Rule 60(b)(2) provides that "[o]n motion and just terms, the court may relieve a party or its legal representative from a final judgment, order, or proceeding for the following reasons: . . . newly discovered evidence that, with reasonable diligence, could not have been discovered in time to move for a new trial under Rule 59(b)."

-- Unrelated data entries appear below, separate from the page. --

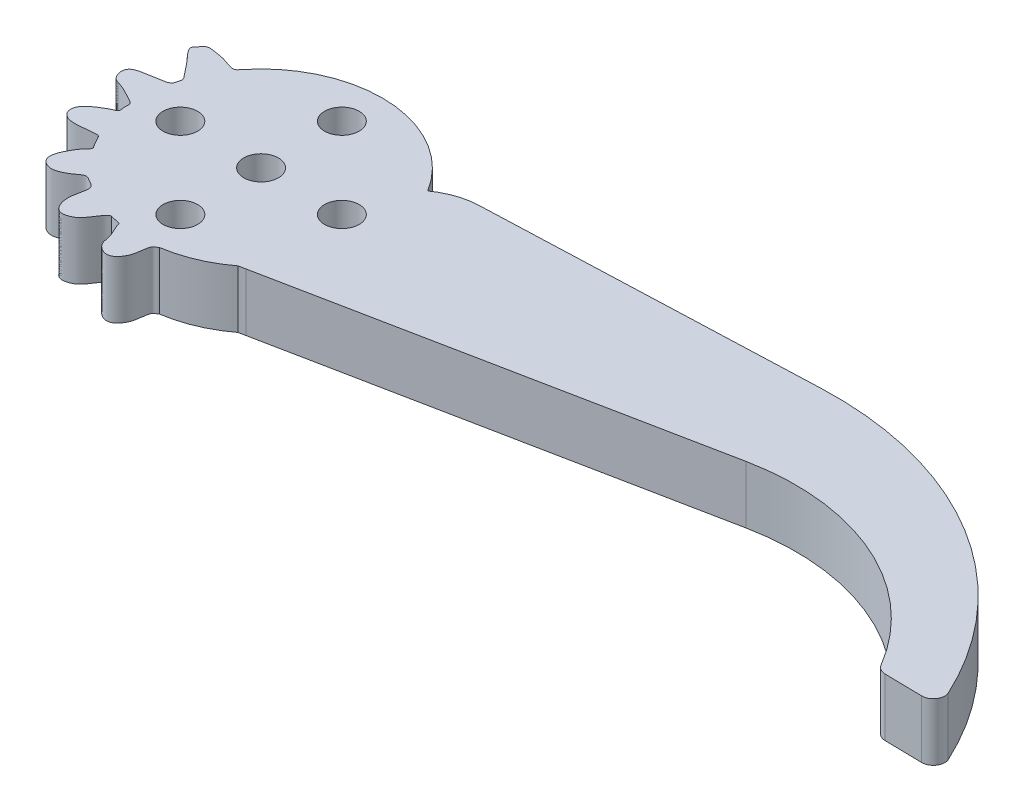
SolidWorks part; units mm, degrees
material "Thornel Mat VMA"
ref_plane "前视基准面" through (0, 0, 0) normal (0, 0, 1) x (1, 0, 0)
ref_plane "上视基准面" through (0, 0, 0) normal (0, 1, 0) x (1, 0, 0)
ref_plane "右视基准面" through (0, 0, 0) normal (1, 0, 0) x (0, 0, -1)
sketch "草图1" plane through (0, 0, 0) normal (0, 1, 0) x (1, 0, 0)
  line L0 (-21.0651, -6.9034) -> (15.0591, 0.323)
  line L1 (-39.2243, 6.1638) -> (-38.0931, 4.752)
  line L2 (-36.2478, 7.8215) -> (-36.3763, 7.6689)
  line L3 (12.8477, 9.059) -> (-15.7391, 7.9639)
  line L4 (37.0468, -9.61) -> (40.2704, -9.6677)
  arc A0 (-26.404, -9.0395) -> (-21.6294, -7.0162) centre (-27.9866, 1.3406) ccw
  arc A1 (-30.8811, -8.7526) -> (-29.9513, -8.974) centre (-27.9866, 1.3406) ccw
  arc A2 (-37.3561, -3.3988) -> (-36.7558, -4.4345) centre (-27.9866, 1.3406) ccw
  arc A3 (-38.0056, 4.4822) -> (-38.1702, 3.8986) centre (-27.9866, 1.3406) ccw
  arc A4 (-19.0327, 6.8249) -> (-36.2478, 7.8215) centre (-27.9866, 1.3406) ccw
  arc A5 (-15.7391, 7.9639) -> (-19.0327, 6.8249) centre (-15.5094, 1.9683) ccw
  arc A6 (41.2369, -8.3515) -> (12.8477, 9.059) centre (13.9962, -20.919) ccw
  arc A7 (40.2704, -9.6677) -> (41.2369, -8.3515) centre (40.2883, -8.6679) ccw
  arc A8 (36.2036, -9.1187) -> (37.0468, -9.61) centre (37.0647, -8.6102) ccw
  arc A9 (36.2036, -9.1187) -> (15.0591, 0.323) centre (18.9822, -19.2884) ccw
  ellipse E0 centre (-38.7365, 4.3843) end of major axis (-39.385, 4.0256) minor radius 0.7149 (-38.0056, 4.4822) -> (-38.0931, 4.752) ccw
  spline S0 degree 3 poles (-21.6294, -7.0162) (-21.4401, -6.9711) (-21.2528, -6.9333) (-21.0651, -6.9034) knots 0 0 0 0 1 1 1 1 weights 1 1 1 1
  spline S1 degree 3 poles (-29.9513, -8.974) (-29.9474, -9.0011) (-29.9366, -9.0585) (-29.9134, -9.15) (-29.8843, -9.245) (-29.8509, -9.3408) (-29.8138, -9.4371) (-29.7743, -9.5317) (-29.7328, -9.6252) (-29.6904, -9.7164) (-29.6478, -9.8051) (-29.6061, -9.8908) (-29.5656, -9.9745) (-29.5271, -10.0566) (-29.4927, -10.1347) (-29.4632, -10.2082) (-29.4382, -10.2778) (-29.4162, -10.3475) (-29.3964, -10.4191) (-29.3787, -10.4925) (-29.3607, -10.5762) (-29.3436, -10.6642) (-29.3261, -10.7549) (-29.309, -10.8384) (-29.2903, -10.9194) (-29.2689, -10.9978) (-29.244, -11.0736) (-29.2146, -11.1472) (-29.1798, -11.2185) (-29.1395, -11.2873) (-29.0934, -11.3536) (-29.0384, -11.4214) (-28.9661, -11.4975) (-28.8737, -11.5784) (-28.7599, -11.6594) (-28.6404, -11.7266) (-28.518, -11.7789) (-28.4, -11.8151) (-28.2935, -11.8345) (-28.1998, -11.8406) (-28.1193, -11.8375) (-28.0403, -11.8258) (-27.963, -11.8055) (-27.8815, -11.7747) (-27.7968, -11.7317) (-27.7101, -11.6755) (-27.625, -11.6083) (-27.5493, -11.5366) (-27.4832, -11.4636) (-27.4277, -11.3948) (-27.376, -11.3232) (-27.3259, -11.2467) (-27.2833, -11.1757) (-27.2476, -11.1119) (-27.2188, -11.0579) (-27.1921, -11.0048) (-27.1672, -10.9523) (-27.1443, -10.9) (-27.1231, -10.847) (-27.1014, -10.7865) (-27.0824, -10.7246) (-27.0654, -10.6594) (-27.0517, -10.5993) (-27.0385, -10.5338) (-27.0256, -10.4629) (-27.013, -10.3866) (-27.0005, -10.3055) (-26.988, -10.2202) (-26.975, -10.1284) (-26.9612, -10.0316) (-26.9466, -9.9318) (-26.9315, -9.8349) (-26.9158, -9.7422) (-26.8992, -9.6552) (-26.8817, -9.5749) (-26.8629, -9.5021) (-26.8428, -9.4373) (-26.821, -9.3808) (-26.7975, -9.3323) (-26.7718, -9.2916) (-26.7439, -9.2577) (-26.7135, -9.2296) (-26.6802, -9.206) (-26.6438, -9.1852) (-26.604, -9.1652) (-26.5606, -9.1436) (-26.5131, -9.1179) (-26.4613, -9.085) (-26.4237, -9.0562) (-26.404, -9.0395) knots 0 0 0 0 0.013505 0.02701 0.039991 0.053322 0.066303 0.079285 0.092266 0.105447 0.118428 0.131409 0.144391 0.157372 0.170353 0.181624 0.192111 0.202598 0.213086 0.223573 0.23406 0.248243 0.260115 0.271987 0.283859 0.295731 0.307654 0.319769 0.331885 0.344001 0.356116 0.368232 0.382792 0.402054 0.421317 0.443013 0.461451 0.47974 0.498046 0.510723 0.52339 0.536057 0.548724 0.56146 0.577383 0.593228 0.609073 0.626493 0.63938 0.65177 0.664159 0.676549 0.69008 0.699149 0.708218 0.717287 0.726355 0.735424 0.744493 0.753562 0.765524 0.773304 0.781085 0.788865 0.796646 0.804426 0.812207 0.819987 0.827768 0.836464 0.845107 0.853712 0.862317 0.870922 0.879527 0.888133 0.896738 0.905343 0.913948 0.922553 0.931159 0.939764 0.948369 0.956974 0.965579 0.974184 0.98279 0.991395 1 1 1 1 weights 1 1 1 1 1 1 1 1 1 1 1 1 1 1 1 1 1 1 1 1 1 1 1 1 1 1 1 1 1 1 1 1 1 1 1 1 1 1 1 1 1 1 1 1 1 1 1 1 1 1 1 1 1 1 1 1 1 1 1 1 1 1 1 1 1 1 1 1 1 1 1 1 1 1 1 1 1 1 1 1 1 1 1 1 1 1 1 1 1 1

Plaintiff alleges that "Judge Whelan's SHORT ORDER FORM and NOTICE OF ENTRY recently became available on May 12, 201[5] after the District Court's March 27, 2015 Opinion," and argues that this evidence was unavailable and would have changed the outcome of the Court's Order. DE 25, Reply Mem. p. 5. He contends that the Court relied upon the state court's previous orders, which granted the plaintiff in that case a default judgment against Izmirligil in a foreclosure action and that the May 12, 2015 order denied the default.1 Thus, according to plaintiff, the state court committed perjury and misled this Court by issuing two (2) contrary declarations. In granting defendant's motion to dismiss, however, the Court's Order did not rely upon the state court's orders in the foreclosure action. Rather, plaintiff's case was dismissed as barred by the Eleventh Amendment and pursuant to the doctrine of judicial immunity. Accordingly, plaintiff has not demonstrated that the newly discovered evidence is relevant to his case and his motion for reconsideration on this ground is denied.

Conclusion

For the foregoing reasons, plaintiff's motion for reconsideration is GRANTED as to his request to correct his name in the Order's caption from AZIR to ARIF and the motion is DENIED in all other respects. An Amended Opinion and Order reflecting the change in the caption shall be issued separately and, thereafter, the Clerk of the Court shall issue an Amended Judgment which conforms to the caption in the Amended Opinion and Order.

SO ORDERED.

FootNotes


1. The Court could not locate a copy of the alleged May 12, 2015 state court order within plaintiff's exhibits, however, according to the portion of the May 12 decision cited by plaintiff, the order holds that no default judgment of foreclosure was obtained due to procedural errors on the part of the plaintiff in the state case.